A research study shows that at least 61 law enforcement officers in the United States have been shot and killed on duty so far this year, underscoring growing anti-police sentiment across the country over police violence against civilians.
The fatality rate was published by the National Law Enforcement Officers Memorial Fund on Friday, showing a 48 percent increase in comparison with 2015, when firearms were linked to 41 police deaths across the US.
Last weekend, four officers were targeted while conducting routine traffic stops in three US states of Texas, Florida and Missouri.
Earlier this month, two police officers were fatally shot in ambush-style attacks in Iowa.
Earlier this year, five officers in Dallas, Texas, and three officers in Baton Rouge, Louisiana, were fatally shot after police killed two black men in separate incidents.
The latest attacks against police happened at a time when anti-police sentiment is high across the US due to a surge of unjustified killings of unarmed African Americans and other minorities over the past several years.

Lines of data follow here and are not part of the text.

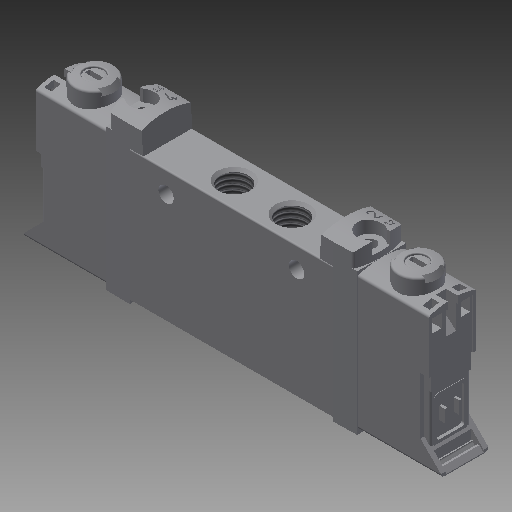
# Autodesk Inventor part: 564212 VUVG-L-10-B52---T-M7--1P3--------(G)
Saved by Autodesk Inventor 2018.3 (Build 223284000, 284)
## iProperties
Category: PARTsolutions
Company: FESTO
Created: 2019-03-04
Part Number: 564212 VUVG-L-10-B52---T-M7--1P3--------(G)
Material: Generic
Catalog Web Link: www.cadenas.de
Description: VUVG-(G)-Directional control valves for standard applications
Vendor: FESTO
Document SubType Name: Modeling
Designer: psadmin
Manufacturer: FESTO
Mass: 21.2534 g
Surface Area: 93.0719 cm^2
Volume: 21.2534 cm^3
Density: 1 g/cm^3
Appearance: PSOLRGB-192-192-192
PSOL_IDENT_0: {$CADENAS_DATA\23d-libs\festo\parts\v\vuvg\parts\vuvg_gehause.prj},277 {VTYP=3D},{NB=564212 VUVG-L-1
PSOL_IDENT_1: 0-B52---T-M7--1P3--------(G)},{LINA=564212 VUVG-L-10-B52---T-M7--1P3--------(G)},{NN=VUVG-(G)},{DATE=
PSOL_IDENT_2: 22.01.2019 12:42:35},{GEOMDATE=22.01.2019 12:42:31},{VERSION=},{LINEID=10},{WBVAR=VA,KP,BG,VF,RS,SZ,
PSOL_IDENT_3: HHB,PA,EL,NS,EA,SBS,ANZ,EZV,ZUL},{WBNUMERIC=}  {NB=564212 VUVG-L-10-B52---T-M7--1P3--------(G)},{LIN
PSOL_IDENT_4: A=564212 VUVG-L-10-B52---T-M7--1P3--------(G)},{KT=DUMMY},{TNR=564212},{TYP=VUVG},{VA=L},{KP=-},{BG=
PSOL_IDENT_5: 10},{VF=B52},{RS=-},{SZ=-},{HHB=T},{PA=M7},{EL=-},{NS=1},{EA=P3},{SBS=-},{ANZ=-},{EZV=-},{ZUL=-},{KZ
PSOL_IDENT_6: U=-},{L=42},{L1=7.5},{THREAD=7},{VERS=1},{ASP=2},{CODE=},{SCALE=0.5},{ZUL1=},{KZU1=},{ZULT='-'}
NN: VUVG-(G)
NT: Directional control valves for standard applications
NB: 564212 VUVG-L-10-B52---T-M7--1P3--------(G)
NBSYN: $TNR. $TYP.-$VA.$KP.$BG.-$VF.-$RS.$SZ.$HHB.-$PA.$EL.-$NS.$EA.-$SBS.$ANZ.-$EZV.$ZUL1.$KZU1.---(G)
LINA: 564212 VUVG-L-10-B52---T-M7--1P3--------(G)
TNR: 564212
TYP: VUVG
VA: L
KP: -
BG: 10
VF: B52
RS: -
SZ: -
HHB: T
PA: M7
EL: -
NS: 1
EA: P3
SBS: -
ANZ: -
EZV: -
ZUL: -
SUPPLIER: FESTO
ARTICLENO: 564212 VUVG-L-10-B52---T-M7--1P3--------(G)
BOMINFO: 564212 VUVG-L-10-B52---T-M7--1P3--------(G)
CREATOR: CADENAS GmbH
Title: 564212 VUVG-L-10-B52---T-M7--1P3--------(G)
Author: Cadenas PARTsolutions
Comments: Directional control valves for standard applications
Autodesk Inventor part; units mm, degrees
sketch "Sketch_53" plane through (0, 0, 0) normal (1, 0, 0) x (0, 1, 0)
  line L0 (26.7, 5.1) -> (0, 5.1)
  line L1 (0, 5.1) -> (0, -5.1)
  line L2 (0, -5.1) -> (26.7, -5.1)
  arc A0 (26.7, -5.1) -> (27, -4.8) centre (26.7, -4.8) ccw
  line L3 (27, -4.8) -> (27, 4.8)
  arc A1 (27, 4.8) -> (26.7, 5.1) centre (26.7, 4.8) ccw
  constraints: 8 end point, 4 point on circle, 2 centre point
extrude "Extrusion1" add sketch "Sketch_53" along normal mid plane 42
sketch "Sketch_54" plane through (0, 0, 0) normal (0, 0, 1) x (1, 0, 0)
  circle A0 centre (13.5, 22.6) radius 1.6
  constraints: 1 centre point
extrude "Extrusion2" cut sketch "Sketch_54" along normal mid plane 12
sketch "Sketch_55" plane through (0, 0, 0) normal (0, 0, 1) x (1, 0, 0)
  circle A0 centre (-13.5, 22.6) radius 1.6
  constraints: 1 centre point
extrude "Extrusion3" cut sketch "Sketch_55" along normal mid plane 12
sketch "Sketch_5" plane through (0, 0, 0) normal (0, 0, 1) x (1, 0, 0)
  line L0 (12.5, 0) -> (12.5, 13.5)
  line L1 (12.5, 13.5) -> (14.6, 13.5)
  line L2 (14.6, 13.5) -> (14.6, 6.8)
  line L3 (14.6, 6.8) -> (15.4585, 6.8)
  line L4 (15.4585, 6.8) -> (15.4585, 0.5415)
  line L5 (15.4585, 0.5415) -> (16, 0)
  line L6 (16, 0) -> (12.5, 0)
  line L7 (12.5, 0) -> (12.5, 13.5)
  constraints: 16 end point
sketch "Sketch_6" plane through (0, 0, 0) normal (0, 0, 1) x (1, 0, 0)
  line L0 (1.5, 0) -> (1.5, 20.0124)
  line L1 (1.5, 20.0124) -> (3.6, 18.8)
  line L2 (3.6, 18.8) -> (3.6, 6.8)
  line L3 (3.6, 6.8) -> (4.4585, 6.8)
  line L4 (4.4585, 6.8) -> (4.4585, 0.5415)
  line L5 (4.4585, 0.5415) -> (5, 0)
  line L6 (5, 0) -> (1.5, 0)
  line L7 (1.5, 0) -> (1.5, 20.0124)
  constraints: 16 end point
sketch "Sketch_7" plane through (0, 0, 0) normal (0, 0, 1) x (1, 0, 0)
  line L0 (-9.5, 0) -> (-9.5, 13.5)
  line L1 (-9.5, 13.5) -> (-7.4, 13.5)
  line L2 (-7.4, 13.5) -> (-7.4, 6.8)
  line L3 (-7.4, 6.8) -> (-6.5415, 6.8)
  line L4 (-6.5415, 6.8) -> (-6.5415, 0.5415)
  line L5 (-6.5415, 0.5415) -> (-6, 0)
  line L6 (-6, 0) -> (-9.5, 0)
  line L7 (-9.5, 0) -> (-9.5, 13.5)
  constraints: 16 end point
revolve "Revolution1" cut sketch "Sketch_5" angle 360 about axis through (12.5, 0, 0) along (0, -1, 0)
thread "Thread1" size "M7x1" class "6H" standard "ISO Metric profile" length 5.4585
revolve "Revolution2" cut sketch "Sketch_6" angle 360 about axis through (1.5, 0, 0) along (0, -1, 0)
thread "Thread2" size "M7x1" class "6H" standard "ISO Metric profile" length 5.4585
revolve "Revolution3" cut sketch "Sketch_7" angle 360 about axis through (-9.5, 0, 0) along (0, -1, 0)
thread "Thread3" size "M7x1" class "6H" standard "ISO Metric profile" length 5.4585
sketch "Sketch7" plane through (-21, 27, 4.8) normal (0, 1, 0) x (1, 0, 0)
  point P0 (16.5, 4.8)
hole "Hole1" at (-4.5, 27, 0) direction (0, -1, 0) diameter 5.9175 depth 6.8 countersink diameter 7 countersink angle 90 thread size "M7x1" class "6H" standard "ISO Metric profile"
sketch "Sketch8" plane through (-21, 27, 4.8) normal (0, 1, 0) x (1, 0, 0)
  point P0 (28.5, 4.8)
hole "Hole2" at (7.5, 27, 0) direction (0, -1, 0) diameter 5.9175 depth 6.8 countersink diameter 7 countersink angle 90 thread size "M7x1" class "6H" standard "ISO Metric profile"
sketch "Sketch9" plane through (-4.5, 20.2, 0) normal (0, 1, 0) x (1, 0, 0)
  point P0 (0, -1)
hole "Hole3" at (-4.5, 20.2, 1) direction (0, -1, 0) diameter 3 depth 6.7
sketch "Sketch10" plane through (7.5, 20.2, 0) normal (0, 1, 0) x (1, 0, 0)
  point P0 (0, 1)
hole "Hole4" at (7.5, 20.2, -1) direction (0, -1, 0) diameter 3 depth 6.7
sketch "Sketch_17" plane through (0, -0.8, 0) normal (0, 1, 0) x (1, 0, 0)
  line L0 (21, 5.125) -> (21, -5.125)
  line L1 (21, -5.125) -> (25.96, -5.0384)
  line L2 (25.96, -5.0384) -> (25.96, 5.0384)
  line L3 (25.96, 5.0384) -> (21, 5.125)
  constraints: 8 end point
extrude "Extrusion4" add sketch "Sketch_17" along normal blind 33.1
sketch "Sketch_20" plane through (0, 27, 0) normal (0, 1, 0) x (1, 0, 0)
  line L0 (18.21, 5.0763) -> (18.21, -5.0763)
  line L1 (18.21, -5.0763) -> (21, -5.125)
  line L2 (21, -5.125) -> (21, 5.125)
  line L3 (21, 5.125) -> (18.21, 5.0763)
  constraints: 8 end point
extrude "Extrusion5" add sketch "Sketch_20" along normal blind 5.7
sketch "Sketch_19" plane through (0, 0, 0) normal (1, 0, 0) x (0, 1, 0)
  arc A0 (31.3973, -5.125) -> (31.3973, 5.125) centre (17.3, 0) ccw
  line L0 (31.3973, -5.125) -> (37, -5.125)
  line L1 (37, -5.125) -> (37, 5.125)
  line L2 (37, 5.125) -> (31.3973, 5.125)
  constraints: 6 end point, 2 point on circle, 1 centre point
sketch "Sketch_30" plane through (0, 28.5, 0) normal (0, 1, 0) x (1, 0, 0)
  line L0 (21, -6.125) -> (31, -6.125)
  line L1 (31, -6.125) -> (31, 6.125)
  line L2 (31, 6.125) -> (21, 6.125)
  line L3 (21, 6.125) -> (21, 5.125)
  line L4 (21, 5.125) -> (24.7331, 5.0598)
  arc A0 (25.199, 4.7172) -> (24.7331, 5.0598) centre (24.7243, 4.5599) ccw
  arc A1 (25.199, -4.7172) -> (25.199, 4.7172) centre (10.96, 0) ccw
  arc A2 (24.7331, -5.0598) -> (25.199, -4.7172) centre (24.7243, -4.5599) ccw
  line L5 (24.7331, -5.0598) -> (21, -5.125)
  line L6 (21, -5.125) -> (21, -6.125)
  constraints: 14 end point, 6 point on circle, 3 centre point
extrude "Extrusion6" cut sketch "Sketch_30" along normal blind 5
sketch "Sketch_22" plane through (0, 0, 0) normal (0, 0, 1) x (1, 0, 0)
  line L0 (13.21, 33) -> (13.21, 27)
  line L1 (13.21, 27) -> (18.21, 27)
  line L2 (18.21, 27) -> (18.7349, 33)
  line L3 (18.7349, 33) -> (13.21, 33)
  constraints: 8 end point
extrude "Extrusion7" cut sketch "Sketch_22" along normal mid plane 12
sketch "Sketch_23" plane through (25.96, 0, 0) normal (1, 0, 0) x (0, 0, -1)
  arc A0 (-4.9, 0.7) -> (-4.2, 0) centre (-4.2, 0.7) ccw
  line L0 (-4.2, 0) -> (4.2, 0)
  arc A1 (4.2, 0) -> (4.9, 0.7) centre (4.2, 0.7) ccw
  line L1 (4.9, 0.7) -> (4.9, 27.3163)
  arc A2 (4.9, 27.3163) -> (4.5517, 27.7927) centre (4.4, 27.3163) ccw
  arc A3 (4.5517, 27.7927) -> (-4.5517, 27.7927) centre (0, 13.5) ccw
  arc A4 (-4.5517, 27.7927) -> (-4.9, 27.3163) centre (-4.4, 27.3163) ccw
  line L2 (-4.9, 27.3163) -> (-4.9, 0.7)
  constraints: 10 point on circle, 6 end point, 5 centre point
extrude "Extrusion8" add sketch "Sketch_23" along normal blind 17.2
sketch "Sketch_24" plane through (0, 0, 0) normal (0, 0, 1) x (1, 0, 0)
  line L0 (38.9067, 4.9533) -> (43.16, 0.7)
  line L1 (43.16, 0.7) -> (43.16, 30)
  line L2 (43.16, 30) -> (40.66, 30)
  line L3 (40.66, 30) -> (40.66, 16.7)
  line L4 (40.66, 16.7) -> (38.9067, 16.7)
  line L5 (38.9067, 16.7) -> (38.9067, 4.9533)
  constraints: 12 end point
extrude "Extrusion9" cut sketch "Sketch_24" along normal mid plane 12
sketch "Sketch_25" plane through (0, 13.6, 0) normal (0, 1, 0) x (1, 0, 0)
  line L0 (38.16, 4.1) -> (38.16, -4.1)
  line L1 (38.16, -4.1) -> (39.76, -4.1)
  arc A0 (39.76, -4.1) -> (40.16, -3.7) centre (39.76, -3.7) ccw
  line L2 (40.16, -3.7) -> (40.16, 3.7)
  arc A1 (40.16, 3.7) -> (39.76, 4.1) centre (39.76, 3.7) ccw
  line L3 (39.76, 4.1) -> (38.16, 4.1)
  constraints: 8 end point, 4 point on circle, 2 centre point
extrude "Extrusion10" add sketch "Sketch_25" against normal blind 12
sketch "Sketch_26" plane through (0, 13.6, 0) normal (0, 1, 0) x (1, 0, 0)
  line L0 (37.66, 4.1) -> (37.66, -4.1)
  line L1 (37.66, -4.1) -> (40.26, -4.1)
  arc A0 (40.26, -4.1) -> (40.66, -3.7) centre (40.26, -3.7) ccw
  line L2 (40.66, -3.7) -> (40.66, 3.7)
  arc A1 (40.66, 3.7) -> (40.26, 4.1) centre (40.26, 3.7) ccw
  line L3 (40.26, 4.1) -> (37.66, 4.1)
  constraints: 8 end point, 4 point on circle, 2 centre point
extrude "Extrusion11" add sketch "Sketch_26" along normal blind 3.1
sketch "Sketch_27" plane through (40.16, 0, 0) normal (1, 0, 0) x (0, 0, -1)
  line L0 (-3.45, 11.8) -> (-3.45, 0)
  line L1 (-3.45, 0) -> (3.45, 0)
  line L2 (3.45, 0) -> (3.45, 11.8)
  arc A0 (3.45, 11.8) -> (2.65, 12.6) centre (2.65, 11.8) ccw
  line L3 (2.65, 12.6) -> (-2.65, 12.6)
  arc A1 (-2.65, 12.6) -> (-3.45, 11.8) centre (-2.65, 11.8) ccw
  constraints: 8 end point, 4 point on circle, 2 centre point
extrude "Extrusion12" add sketch "Sketch_27" along normal blind 0.1
sketch "Sketch_28" plane through (40.16, 0, 0) normal (1, 0, 0) x (0, 0, -1)
  arc A0 (-2.85, 4.7) -> (-2.35, 4.2) centre (-2.35, 4.7) ccw
  line L0 (-2.35, 4.2) -> (2.35, 4.2)
  arc A1 (2.35, 4.2) -> (2.85, 4.7) centre (2.35, 4.7) ccw
  line L1 (2.85, 4.7) -> (2.85, 11.5)
  arc A2 (2.85, 11.5) -> (2.35, 12) centre (2.35, 11.5) ccw
  line L2 (2.35, 12) -> (-2.35, 12)
  arc A3 (-2.35, 12) -> (-2.85, 11.5) centre (-2.35, 11.5) ccw
  line L3 (-2.85, 11.5) -> (-2.85, 4.7)
  constraints: 8 end point, 8 point on circle, 4 centre point
extrude "Extrusion13" cut sketch "Sketch_28" along normal mid plane 1
sketch "Sketch_29" plane through (0, 9.65, 0) normal (0, 1, 0) x (1, 0, 0)
  line L0 (35.81, -1.75) -> (40.81, -1.75)
  line L1 (40.81, -1.75) -> (40.81, -1.25)
  line L2 (40.81, -1.25) -> (36.31, -1.25)
  line L3 (36.31, -1.25) -> (36.31, 1.25)
  line L4 (36.31, 1.25) -> (40.81, 1.25)
  line L5 (40.81, 1.25) -> (40.81, 1.75)
  line L6 (40.81, 1.75) -> (35.81, 1.75)
  line L7 (35.81, 1.75) -> (35.81, -1.75)
  constraints: 16 end point
extrude "Extrusion14" add sketch "Sketch_29" against normal blind 2.6
sketch "Sketch_21" plane through (0, 0, 0) normal (0, 0, 1) x (1, 0, 0)
  line L0 (23.5, -0.8) -> (23.5, 29.7)
  line L1 (23.5, 29.7) -> (24.825, 29.7)
  line L2 (24.825, 29.7) -> (24.625, -0.8)
  line L3 (24.625, -0.8) -> (23.5, -0.8)
  line L4 (23.5, -0.8) -> (23.5, 29.7)
  constraints: 10 end point
revolve "Revolution4" cut sketch "Sketch_21" angle 360 about axis through (23.5, -0.8, 0) along (0, -1, 0)
sketch "Sketch_31" plane through (0, 29.7, 0) normal (0, 1, 0) x (1, 0, 0)
  arc A0 (25.2283, 1.875) -> (25.2283, -1.875) centre (23.5, 0) ccw
  line L0 (25.2283, -1.875) -> (28.5, -1.875)
  line L1 (28.5, -1.875) -> (28.5, 1.875)
  line L2 (28.5, 1.875) -> (25.2283, 1.875)
  constraints: 6 end point, 2 point on circle, 1 centre point
extrude "Extrusion15" cut sketch "Sketch_31" along normal blind 4
sketch "Sketch_32" plane through (0, -0.8, 0) normal (0, 1, 0) x (1, 0, 0)
  line L0 (-25.96, -5.0384) -> (-21, -5.125)
  line L1 (-21, -5.125) -> (-21, 5.125)
  line L2 (-21, 5.125) -> (-25.96, 5.0384)
  line L3 (-25.96, 5.0384) -> (-25.96, -5.0384)
  constraints: 8 end point
extrude "Extrusion16" add sketch "Sketch_32" along normal blind 33.1
sketch "Sketch_33" plane through (0, 27, 0) normal (0, 1, 0) x (1, 0, 0)
  line L0 (-21, -5.125) -> (-18.21, -5.0763)
  line L1 (-18.21, -5.0763) -> (-18.21, 5.0763)
  line L2 (-18.21, 5.0763) -> (-21, 5.125)
  line L3 (-21, 5.125) -> (-21, -5.125)
  constraints: 8 end point
extrude "Extrusion17" add sketch "Sketch_33" along normal blind 5.7
extrude "Extrusion18" cut sketch "Sketch_19" along normal mid plane 64
sketch "Sketch_119" plane through (0, 29.7, 0) normal (0, 1, 0) x (1, 0, 0)
  line L0 (-26.5, -1.875) -> (-25.2283, -1.875)
  arc A0 (-25.2283, -1.875) -> (-25.2283, 1.875) centre (-23.5, 0) ccw
  line L1 (-25.2283, 1.875) -> (-26.5, 1.875)
  line L2 (-26.5, 1.875) -> (-26.5, -1.875)
  constraints: 6 end point, 2 point on circle, 1 centre point
extrude "Extrusion19" cut sketch "Sketch_119" along normal blind 4
sketch "Sketch_36" plane through (0, 0, 0) normal (0, 0, 1) x (1, 0, 0)
  line L0 (-18.7349, 33) -> (-18.21, 27)
  line L1 (-18.21, 27) -> (-13.21, 27)
  line L2 (-13.21, 27) -> (-13.21, 33)
  line L3 (-13.21, 33) -> (-18.7349, 33)
  constraints: 8 end point
extrude "Extrusion20" cut sketch "Sketch_36" along normal mid plane 12
sketch "Sketch_37" plane through (0, 28.5, 0) normal (0, 1, 0) x (1, 0, 0)
  line L0 (-31, -6.125) -> (-21, -6.125)
  line L1 (-21, -6.125) -> (-21, -5.125)
  line L2 (-21, -5.125) -> (-24.7331, -5.0598)
  arc A0 (-25.199, -4.7172) -> (-24.7331, -5.0598) centre (-24.7243, -4.5599) ccw
  arc A1 (-25.199, 4.7172) -> (-25.199, -4.7172) centre (-10.96, 0) ccw
  arc A2 (-24.7331, 5.0598) -> (-25.199, 4.7172) centre (-24.7243, 4.5599) ccw
  line L3 (-24.7331, 5.0598) -> (-21, 5.125)
  line L4 (-21, 5.125) -> (-21, 6.125)
  line L5 (-21, 6.125) -> (-31, 6.125)
  line L6 (-31, 6.125) -> (-31, -6.125)
  constraints: 14 end point, 6 point on circle, 3 centre point
extrude "Extrusion21" cut sketch "Sketch_37" along normal blind 5
sketch "Sketch_38" plane through (-25.96, 0, 0) normal (1, 0, 0) x (0, 0, -1)
  arc A0 (-4.9, 0.7) -> (-4.2, 0) centre (-4.2, 0.7) ccw
  line L0 (-4.2, 0) -> (4.2, 0)
  arc A1 (4.2, 0) -> (4.9, 0.7) centre (4.2, 0.7) ccw
  line L1 (4.9, 0.7) -> (4.9, 27.3163)
  arc A2 (4.9, 27.3163) -> (4.5517, 27.7927) centre (4.4, 27.3163) ccw
  arc A3 (4.5517, 27.7927) -> (-4.5517, 27.7927) centre (0, 13.5) ccw
  arc A4 (-4.5517, 27.7927) -> (-4.9, 27.3163) centre (-4.4, 27.3163) ccw
  line L2 (-4.9, 27.3163) -> (-4.9, 0.7)
  constraints: 10 point on circle, 6 end point, 5 centre point
extrude "Extrusion22" add sketch "Sketch_38" against normal blind 17.2
sketch "Sketch_39" plane through (0, 0, 0) normal (0, 0, 1) x (1, 0, 0)
  line L0 (-43.16, 30) -> (-43.16, 0.7)
  line L1 (-43.16, 0.7) -> (-38.9067, 4.9533)
  line L2 (-38.9067, 4.9533) -> (-38.9067, 16.7)
  line L3 (-38.9067, 16.7) -> (-40.66, 16.7)
  line L4 (-40.66, 16.7) -> (-40.66, 30)
  line L5 (-40.66, 30) -> (-43.16, 30)
  constraints: 12 end point
extrude "Extrusion23" cut sketch "Sketch_39" along normal mid plane 12
sketch "Sketch_40" plane through (0, 13.6, 0) normal (0, 1, 0) x (1, 0, 0)
  line L0 (-40.16, 3.7) -> (-40.16, -3.7)
  arc A0 (-40.16, -3.7) -> (-39.76, -4.1) centre (-39.76, -3.7) ccw
  line L1 (-39.76, -4.1) -> (-38.16, -4.1)
  line L2 (-38.16, -4.1) -> (-38.16, 4.1)
  line L3 (-38.16, 4.1) -> (-39.76, 4.1)
  arc A1 (-39.76, 4.1) -> (-40.16, 3.7) centre (-39.76, 3.7) ccw
  constraints: 8 end point, 4 point on circle, 2 centre point
extrude "Extrusion24" add sketch "Sketch_40" against normal blind 12
sketch "Sketch_41" plane through (0, 13.6, 0) normal (0, 1, 0) x (1, 0, 0)
  line L0 (-40.66, 3.7) -> (-40.66, -3.7)
  arc A0 (-40.66, -3.7) -> (-40.26, -4.1) centre (-40.26, -3.7) ccw
  line L1 (-40.26, -4.1) -> (-37.66, -4.1)
  line L2 (-37.66, -4.1) -> (-37.66, 4.1)
  line L3 (-37.66, 4.1) -> (-40.26, 4.1)
  arc A1 (-40.26, 4.1) -> (-40.66, 3.7) centre (-40.26, 3.7) ccw
  constraints: 8 end point, 4 point on circle, 2 centre point
extrude "Extrusion25" add sketch "Sketch_41" along normal blind 3.1
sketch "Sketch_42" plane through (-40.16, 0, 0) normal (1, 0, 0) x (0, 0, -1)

The use of excessive force by police has become the focus of national debate in America, particularly over high-profile killings of African-Americans by mainly white officers.
Over 55,000 people in the United States were either killed or wounded by police in 2012 alone, according to a new study by the Pacific Institute for Research and Evaluation in Maryland.
The study found that blacks, Hispanics and Native Americans are more likely to get arrested by police compared to white and Asian people.
In a separate report by the US Centers for Disease Control and Prevention (CDC), statistics show that firearms kill more than 33,000 people in the US every year, a number that includes accidental discharge, murder and suicides.
Today, it is estimated that there are between 270 million and 300 million guns in the US, about one per person, according to the New York Daily News.